Exercise objective: Once you have located the line containing "#5428 = ORIENTED_EDGE" in the material below, return it exactly along with each line after it through the line containing "#10139 = ORIENTED_EDGE".

---------- Supplied entries ----------

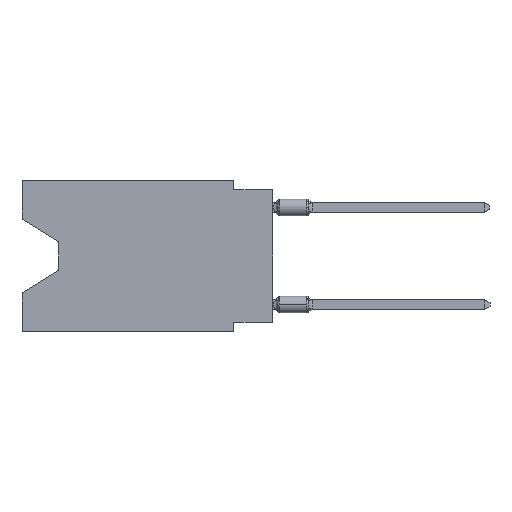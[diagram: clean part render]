
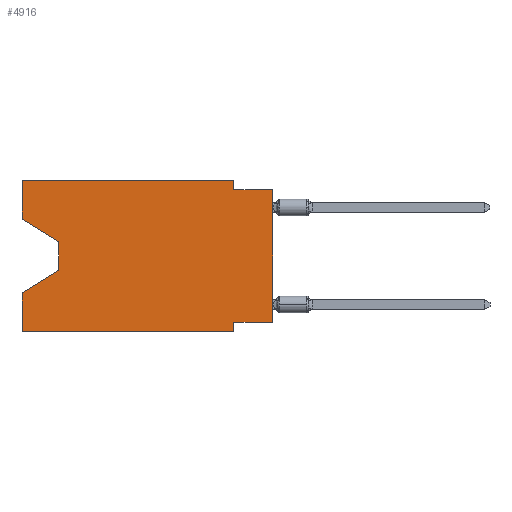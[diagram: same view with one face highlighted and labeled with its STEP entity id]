
A CAD part, left-side view. The second image highlights one B-rep face of the part: STEP entity #4916.
In plain terms, the highlighted planar face has unit normal (-1, 0, 0).
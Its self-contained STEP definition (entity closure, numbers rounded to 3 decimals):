
#64 = LINE ( 'NONE', #7921, #11960 ) ;
#177 = CARTESIAN_POINT ( 'NONE',  ( 0., 16.383, -9.906 ) ) ;
#179 = CARTESIAN_POINT ( 'NONE',  ( 0., 13.97, -4.013 ) ) ;
#306 = ORIENTED_EDGE ( 'NONE', *, *, #8465, .F. ) ;
#437 = ORIENTED_EDGE ( 'NONE', *, *, #11659, .T. ) ;
#444 = CARTESIAN_POINT ( 'NONE',  ( 0., 2.54, -0.635 ) ) ;
#447 = VECTOR ( 'NONE', #12544, 1000. ) ;
#597 = CARTESIAN_POINT ( 'NONE',  ( 0., 16.383, -2.546 ) ) ;
#649 = LINE ( 'NONE', #13965, #7691 ) ;
#736 = VERTEX_POINT ( 'NONE', #3009 ) ;
#747 = CARTESIAN_POINT ( 'NONE',  ( 0., 2.54, -9.906 ) ) ;
#795 = ORIENTED_EDGE ( 'NONE', *, *, #8473, .F. ) ;
#994 = VECTOR ( 'NONE', #8803, 1000. ) ;
#1015 = DIRECTION ( 'NONE',  ( 0., -1., 0. ) ) ;
#1058 = VECTOR ( 'NONE', #9483, 1000. ) ;
#1207 = CARTESIAN_POINT ( 'NONE',  ( 0., 2.54, 0. ) ) ;
#1290 = CARTESIAN_POINT ( 'NONE',  ( 0., 13.97, -4.013 ) ) ;
#1648 = CARTESIAN_POINT ( 'NONE',  ( 0., 16.383, 0. ) ) ;
#1802 = VERTEX_POINT ( 'NONE', #2529 ) ;
#2131 = AXIS2_PLACEMENT_3D ( 'NONE', #4371, #13637, #12069 ) ;
#2152 = EDGE_CURVE ( 'NONE', #8223, #10478, #11306, .T. ) ;
#2529 = CARTESIAN_POINT ( 'NONE',  ( 0., 2.54, 0. ) ) ;
#2918 = DIRECTION ( 'NONE',  ( 0., 0., 1. ) ) ;
#3009 = CARTESIAN_POINT ( 'NONE',  ( 0., 0., -9.271 ) ) ;
#3460 = DIRECTION ( 'NONE',  ( 0., 0., 1. ) ) ;
#3513 = VERTEX_POINT ( 'NONE', #11802 ) ;
#3546 = VECTOR ( 'NONE', #4039, 1000. ) ;
#3665 = EDGE_CURVE ( 'NONE', #1802, #5923, #8920, .T. ) ;
#3867 = EDGE_CURVE ( 'NONE', #7314, #4672, #7108, .T. ) ;
#4039 = DIRECTION ( 'NONE',  ( 0., 0., -1. ) ) ;
#4138 = ORIENTED_EDGE ( 'NONE', *, *, #4738, .T. ) ;
#4274 = CARTESIAN_POINT ( 'NONE',  ( 0., 2.54, -9.906 ) ) ;
#4319 = ORIENTED_EDGE ( 'NONE', *, *, #10793, .F. ) ;
#4371 = CARTESIAN_POINT ( 'NONE',  ( 0., 16.383, 0. ) ) ;
#4634 = ORIENTED_EDGE ( 'NONE', *, *, #8813, .F. ) ;
#4672 = VERTEX_POINT ( 'NONE', #9178 ) ;
#4738 = EDGE_CURVE ( 'NONE', #736, #6573, #649, .T. ) ;
#4916 = ADVANCED_FACE ( 'NONE', ( #10984 ), #11049, .F. ) ;
#5453 = EDGE_CURVE ( 'NONE', #7314, #13168, #8101, .T. ) ;
#5755 = CARTESIAN_POINT ( 'NONE',  ( 0., 0., -9.271 ) ) ;
#5923 = VERTEX_POINT ( 'NONE', #444 ) ;
#6183 = ORIENTED_EDGE ( 'NONE', *, *, #3867, .F. ) ;
#6545 = ORIENTED_EDGE ( 'NONE', *, *, #9102, .F. ) ;
#6573 = VERTEX_POINT ( 'NONE', #14307 ) ;
#6664 = LINE ( 'NONE', #6953, #14221 ) ;
#6953 = CARTESIAN_POINT ( 'NONE',  ( 0., 16.383, 0. ) ) ;
#6979 = DIRECTION ( 'NONE',  ( 0., 0., -1. ) ) ;
#7108 = LINE ( 'NONE', #1648, #11953 ) ;
#7252 = LINE ( 'NONE', #11679, #11905 ) ;
#7314 = VERTEX_POINT ( 'NONE', #11196 ) ;
#7691 = VECTOR ( 'NONE', #2918, 1000. ) ;
#7859 = ORIENTED_EDGE ( 'NONE', *, *, #5453, .T. ) ;
#7921 = CARTESIAN_POINT ( 'NONE',  ( 0., 16.383, 0. ) ) ;
#8010 = EDGE_LOOP ( 'NONE', ( #7859, #8786, #437, #4634, #10762, #6545, #4319, #4138, #795, #11292, #306, #6183 ) ) ;
#8101 = LINE ( 'NONE', #597, #1058 ) ;
#8223 = VERTEX_POINT ( 'NONE', #12443 ) ;
#8413 = DIRECTION ( 'NONE',  ( 0., 0.855, -0.519 ) ) ;
#8465 = EDGE_CURVE ( 'NONE', #4672, #1802, #64, .T. ) ;
#8473 = EDGE_CURVE ( 'NONE', #5923, #6573, #8934, .T. ) ;
#8615 = VERTEX_POINT ( 'NONE', #10252 ) ;
#8786 = ORIENTED_EDGE ( 'NONE', *, *, #12663, .T. ) ;
#8803 = DIRECTION ( 'NONE',  ( 0., 1., 0. ) ) ;
#8813 = EDGE_CURVE ( 'NONE', #8223, #8615, #6664, .T. ) ;
#8920 = LINE ( 'NONE', #1207, #12652 ) ;
#8934 = LINE ( 'NONE', #10987, #14290 ) ;
#9102 = EDGE_CURVE ( 'NONE', #3513, #10478, #10861, .T. ) ;
#9178 = CARTESIAN_POINT ( 'NONE',  ( 0., 16.383, 0. ) ) ;
#9483 = DIRECTION ( 'NONE',  ( 0., -0.855, -0.519 ) ) ;
#9578 = CARTESIAN_POINT ( 'NONE',  ( 0., 13.97, -5.893 ) ) ;
#10252 = CARTESIAN_POINT ( 'NONE',  ( 0., 16.383, -7.36 ) ) ;
#10335 = VERTEX_POINT ( 'NONE', #9578 ) ;
#10478 = VERTEX_POINT ( 'NONE', #4274 ) ;
#10762 = ORIENTED_EDGE ( 'NONE', *, *, #2152, .T. ) ;
#10793 = EDGE_CURVE ( 'NONE', #736, #3513, #12431, .T. ) ;
#10861 = LINE ( 'NONE', #747, #3546 ) ;
#10984 = FACE_OUTER_BOUND ( 'NONE', #8010, .T. ) ;
#10987 = CARTESIAN_POINT ( 'NONE',  ( 0., 0., -0.635 ) ) ;
#11049 = PLANE ( 'NONE',  #2131 ) ;
#11196 = CARTESIAN_POINT ( 'NONE',  ( 0., 16.383, -2.546 ) ) ;
#11292 = ORIENTED_EDGE ( 'NONE', *, *, #3665, .F. ) ;
#11306 = LINE ( 'NONE', #177, #447 ) ;
#11659 = EDGE_CURVE ( 'NONE', #10335, #8615, #7252, .T. ) ;
#11679 = CARTESIAN_POINT ( 'NONE',  ( 0., 13.97, -5.893 ) ) ;
#11802 = CARTESIAN_POINT ( 'NONE',  ( 0., 2.54, -9.271 ) ) ;
#11905 = VECTOR ( 'NONE', #8413, 1000. ) ;
#11953 = VECTOR ( 'NONE', #12694, 1000. ) ;
#11960 = VECTOR ( 'NONE', #14322, 1000. ) ;
#12069 = DIRECTION ( 'NONE',  ( 0., 0., -1. ) ) ;
#12431 = LINE ( 'NONE', #5755, #994 ) ;
#12443 = CARTESIAN_POINT ( 'NONE',  ( 0., 16.383, -9.906 ) ) ;
#12544 = DIRECTION ( 'NONE',  ( 0., -1., 0. ) ) ;
#12652 = VECTOR ( 'NONE', #13568, 1000. ) ;
#12663 = EDGE_CURVE ( 'NONE', #13168, #10335, #13574, .T. ) ;
#12694 = DIRECTION ( 'NONE',  ( 0., 0., 1. ) ) ;
#13168 = VERTEX_POINT ( 'NONE', #179 ) ;
#13568 = DIRECTION ( 'NONE',  ( 0., 0., -1. ) ) ;
#13574 = LINE ( 'NONE', #1290, #13670 ) ;
#13637 = DIRECTION ( 'NONE',  ( 1., 0., 0. ) ) ;
#13670 = VECTOR ( 'NONE', #6979, 1000. ) ;
#13965 = CARTESIAN_POINT ( 'NONE',  ( 0., 0., 0. ) ) ;
#14221 = VECTOR ( 'NONE', #3460, 1000. ) ;
#14290 = VECTOR ( 'NONE', #1015, 1000. ) ;
#14307 = CARTESIAN_POINT ( 'NONE',  ( 0., 0., -0.635 ) ) ;
#14322 = DIRECTION ( 'NONE',  ( 0., -1., 0. ) ) ;
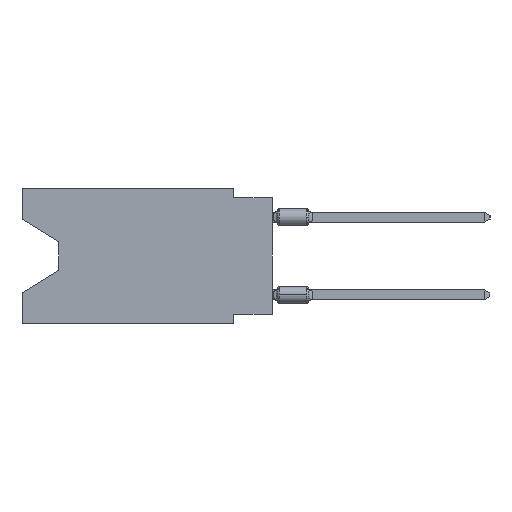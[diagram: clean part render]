
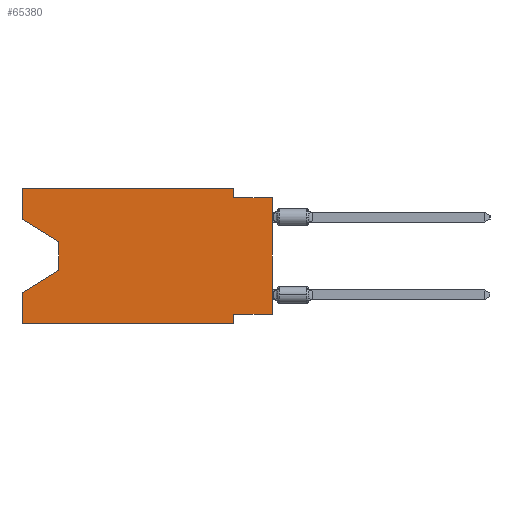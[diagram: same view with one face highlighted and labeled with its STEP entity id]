
A CAD part, left-side view. The second image highlights one B-rep face of the part: STEP entity #65380.
In plain terms, the highlighted planar face has unit normal (-1, 0, 0).
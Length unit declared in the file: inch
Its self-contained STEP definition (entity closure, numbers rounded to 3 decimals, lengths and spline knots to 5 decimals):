
#93 = CARTESIAN_POINT ( 'NONE',  ( 0., 0.1, -0.025 ) ) ;
#662 = ORIENTED_EDGE ( 'NONE', *, *, #49950, .T. ) ;
#2258 = ORIENTED_EDGE ( 'NONE', *, *, #20693, .F. ) ;
#2414 = VECTOR ( 'NONE', #8458, 39.37008 ) ;
#2709 = ORIENTED_EDGE ( 'NONE', *, *, #32529, .F. ) ;
#3036 = VECTOR ( 'NONE', #25514, 39.37008 ) ;
#3092 = CARTESIAN_POINT ( 'NONE',  ( 0., 0.1, -0.35 ) ) ;
#3550 = VECTOR ( 'NONE', #16048, 39.37008 ) ;
#4203 = ORIENTED_EDGE ( 'NONE', *, *, #51855, .F. ) ;
#4302 = LINE ( 'NONE', #19911, #27249 ) ;
#4640 = DIRECTION ( 'NONE',  ( 0., 0.855, -0.519 ) ) ;
#5428 = ORIENTED_EDGE ( 'NONE', *, *, #13291, .F. ) ;
#6548 = DIRECTION ( 'NONE',  ( 1., 0., 0. ) ) ;
#7391 = VERTEX_POINT ( 'NONE', #48860 ) ;
#7684 = DIRECTION ( 'NONE',  ( 0., 0., -1. ) ) ;
#8458 = DIRECTION ( 'NONE',  ( 0., -1., 0. ) ) ;
#10139 = ORIENTED_EDGE ( 'NONE', *, *, #16433, .T. ) ;
#10294 = VERTEX_POINT ( 'NONE', #45222 ) ;
#10690 = CARTESIAN_POINT ( 'NONE',  ( 0., 0., -0.025 ) ) ;
#10939 = VERTEX_POINT ( 'NONE', #27456 ) ;
#11841 = CARTESIAN_POINT ( 'NONE',  ( 0., 0.645, 0. ) ) ;
#11873 = VECTOR ( 'NONE', #55779, 39.37008 ) ;
#12184 = VERTEX_POINT ( 'NONE', #36570 ) ;
#12337 = DIRECTION ( 'NONE',  ( 0., -1., 0. ) ) ;
#13291 = EDGE_CURVE ( 'NONE', #18950, #51292, #13415, .T. ) ;
#13415 = LINE ( 'NONE', #49712, #48471 ) ;
#13846 = LINE ( 'NONE', #39801, #25340 ) ;
#14942 = DIRECTION ( 'NONE',  ( 0., -0.855, -0.519 ) ) ;
#16048 = DIRECTION ( 'NONE',  ( 0., -1., 0. ) ) ;
#16144 = EDGE_LOOP ( 'NONE', ( #45794, #662, #52000, #5428, #27194, #2709, #26498, #10139, #4203, #21161, #50932, #2258 ) ) ;
#16433 = EDGE_CURVE ( 'NONE', #10939, #34046, #4302, .T. ) ;
#16947 = VECTOR ( 'NONE', #12337, 39.37008 ) ;
#17352 = LINE ( 'NONE', #42992, #3550 ) ;
#18942 = LINE ( 'NONE', #55219, #40732 ) ;
#18950 = VERTEX_POINT ( 'NONE', #51904 ) ;
#19529 = VERTEX_POINT ( 'NONE', #93 ) ;
#19911 = CARTESIAN_POINT ( 'NONE',  ( 0., 0., 0. ) ) ;
#20693 = EDGE_CURVE ( 'NONE', #59464, #7391, #13846, .T. ) ;
#21161 = ORIENTED_EDGE ( 'NONE', *, *, #51905, .F. ) ;
#22376 = EDGE_CURVE ( 'NONE', #59464, #54222, #44917, .T. ) ;
#22481 = DIRECTION ( 'NONE',  ( 0., 0., -1. ) ) ;
#23345 = DIRECTION ( 'NONE',  ( 0., 0., -1. ) ) ;
#24812 = CARTESIAN_POINT ( 'NONE',  ( 0., 0., -0.325 ) ) ;
#25340 = VECTOR ( 'NONE', #34502, 39.37008 ) ;
#25514 = DIRECTION ( 'NONE',  ( 0., 0., -1. ) ) ;
#26498 = ORIENTED_EDGE ( 'NONE', *, *, #42872, .F. ) ;
#27194 = ORIENTED_EDGE ( 'NONE', *, *, #62178, .T. ) ;
#27249 = VECTOR ( 'NONE', #55208, 39.37008 ) ;
#27456 = CARTESIAN_POINT ( 'NONE',  ( 0., 0., -0.325 ) ) ;
#27511 = PLANE ( 'NONE',  #61029 ) ;
#30703 = EDGE_CURVE ( 'NONE', #37345, #51292, #18942, .T. ) ;
#32529 = EDGE_CURVE ( 'NONE', #12184, #10294, #57644, .T. ) ;
#33429 = LINE ( 'NONE', #60047, #2414 ) ;
#34046 = VERTEX_POINT ( 'NONE', #38093 ) ;
#34502 = DIRECTION ( 'NONE',  ( 0., 0., 1. ) ) ;
#36148 = VECTOR ( 'NONE', #14942, 39.37008 ) ;
#36490 = CARTESIAN_POINT ( 'NONE',  ( 0., 0.645, -0.26975 ) ) ;
#36570 = CARTESIAN_POINT ( 'NONE',  ( 0., 0.1, -0.325 ) ) ;
#37286 = CARTESIAN_POINT ( 'NONE',  ( 0., 0.1, 0. ) ) ;
#37345 = VERTEX_POINT ( 'NONE', #62154 ) ;
#38093 = CARTESIAN_POINT ( 'NONE',  ( 0., 0., -0.025 ) ) ;
#39801 = CARTESIAN_POINT ( 'NONE',  ( 0., 0.645, 0. ) ) ;
#40732 = VECTOR ( 'NONE', #4640, 39.37008 ) ;
#41448 = CARTESIAN_POINT ( 'NONE',  ( 0., 0.55, -0.138 ) ) ;
#42134 = LINE ( 'NONE', #41448, #3036 ) ;
#42872 = EDGE_CURVE ( 'NONE', #10939, #12184, #60118, .T. ) ;
#42992 = CARTESIAN_POINT ( 'NONE',  ( 0., 0.645, -0.35 ) ) ;
#43371 = DIRECTION ( 'NONE',  ( 0., 0., 1. ) ) ;
#44917 = LINE ( 'NONE', #45894, #36148 ) ;
#45222 = CARTESIAN_POINT ( 'NONE',  ( 0., 0.1, -0.35 ) ) ;
#45794 = ORIENTED_EDGE ( 'NONE', *, *, #22376, .T. ) ;
#45894 = CARTESIAN_POINT ( 'NONE',  ( 0., 0.645, -0.08025 ) ) ;
#47806 = VECTOR ( 'NONE', #7684, 39.37008 ) ;
#48471 = VECTOR ( 'NONE', #43371, 39.37008 ) ;
#48669 = VERTEX_POINT ( 'NONE', #52473 ) ;
#48860 = CARTESIAN_POINT ( 'NONE',  ( 0., 0.645, 0. ) ) ;
#49712 = CARTESIAN_POINT ( 'NONE',  ( 0., 0.645, 0. ) ) ;
#49950 = EDGE_CURVE ( 'NONE', #54222, #37345, #42134, .T. ) ;
#50085 = CARTESIAN_POINT ( 'NONE',  ( 0., 0.55, -0.138 ) ) ;
#50932 = ORIENTED_EDGE ( 'NONE', *, *, #63101, .F. ) ;
#51292 = VERTEX_POINT ( 'NONE', #36490 ) ;
#51855 = EDGE_CURVE ( 'NONE', #19529, #34046, #56308, .T. ) ;
#51904 = CARTESIAN_POINT ( 'NONE',  ( 0., 0.645, -0.35 ) ) ;
#51905 = EDGE_CURVE ( 'NONE', #48669, #19529, #53286, .T. ) ;
#52000 = ORIENTED_EDGE ( 'NONE', *, *, #30703, .T. ) ;
#52473 = CARTESIAN_POINT ( 'NONE',  ( 0., 0.1, 0. ) ) ;
#52828 = FACE_OUTER_BOUND ( 'NONE', #16144, .T. ) ;
#53286 = LINE ( 'NONE', #37286, #47806 ) ;
#54222 = VERTEX_POINT ( 'NONE', #50085 ) ;
#55208 = DIRECTION ( 'NONE',  ( 0., 0., 1. ) ) ;
#55219 = CARTESIAN_POINT ( 'NONE',  ( 0., 0.55, -0.212 ) ) ;
#55453 = CARTESIAN_POINT ( 'NONE',  ( 0., 0.645, -0.08025 ) ) ;
#55779 = DIRECTION ( 'NONE',  ( 0., 1., 0. ) ) ;
#56308 = LINE ( 'NONE', #10690, #16947 ) ;
#56943 = VECTOR ( 'NONE', #23345, 39.37008 ) ;
#57644 = LINE ( 'NONE', #3092, #56943 ) ;
#59464 = VERTEX_POINT ( 'NONE', #55453 ) ;
#60047 = CARTESIAN_POINT ( 'NONE',  ( 0., 0.645, 0. ) ) ;
#60118 = LINE ( 'NONE', #24812, #11873 ) ;
#61029 = AXIS2_PLACEMENT_3D ( 'NONE', #11841, #6548, #22481 ) ;
#62154 = CARTESIAN_POINT ( 'NONE',  ( 0., 0.55, -0.212 ) ) ;
#62178 = EDGE_CURVE ( 'NONE', #18950, #10294, #17352, .T. ) ;
#63101 = EDGE_CURVE ( 'NONE', #7391, #48669, #33429, .T. ) ;
#65380 = ADVANCED_FACE ( 'NONE', ( #52828 ), #27511, .F. ) ;

----------

Reply to the exercise:
#5428 = ORIENTED_EDGE ( 'NONE', *, *, #13291, .F. ) ;
#6548 = DIRECTION ( 'NONE',  ( 1., 0., 0. ) ) ;
#7391 = VERTEX_POINT ( 'NONE', #48860 ) ;
#7684 = DIRECTION ( 'NONE',  ( 0., 0., -1. ) ) ;
#8458 = DIRECTION ( 'NONE',  ( 0., -1., 0. ) ) ;
#10139 = ORIENTED_EDGE ( 'NONE', *, *, #16433, .T. ) ;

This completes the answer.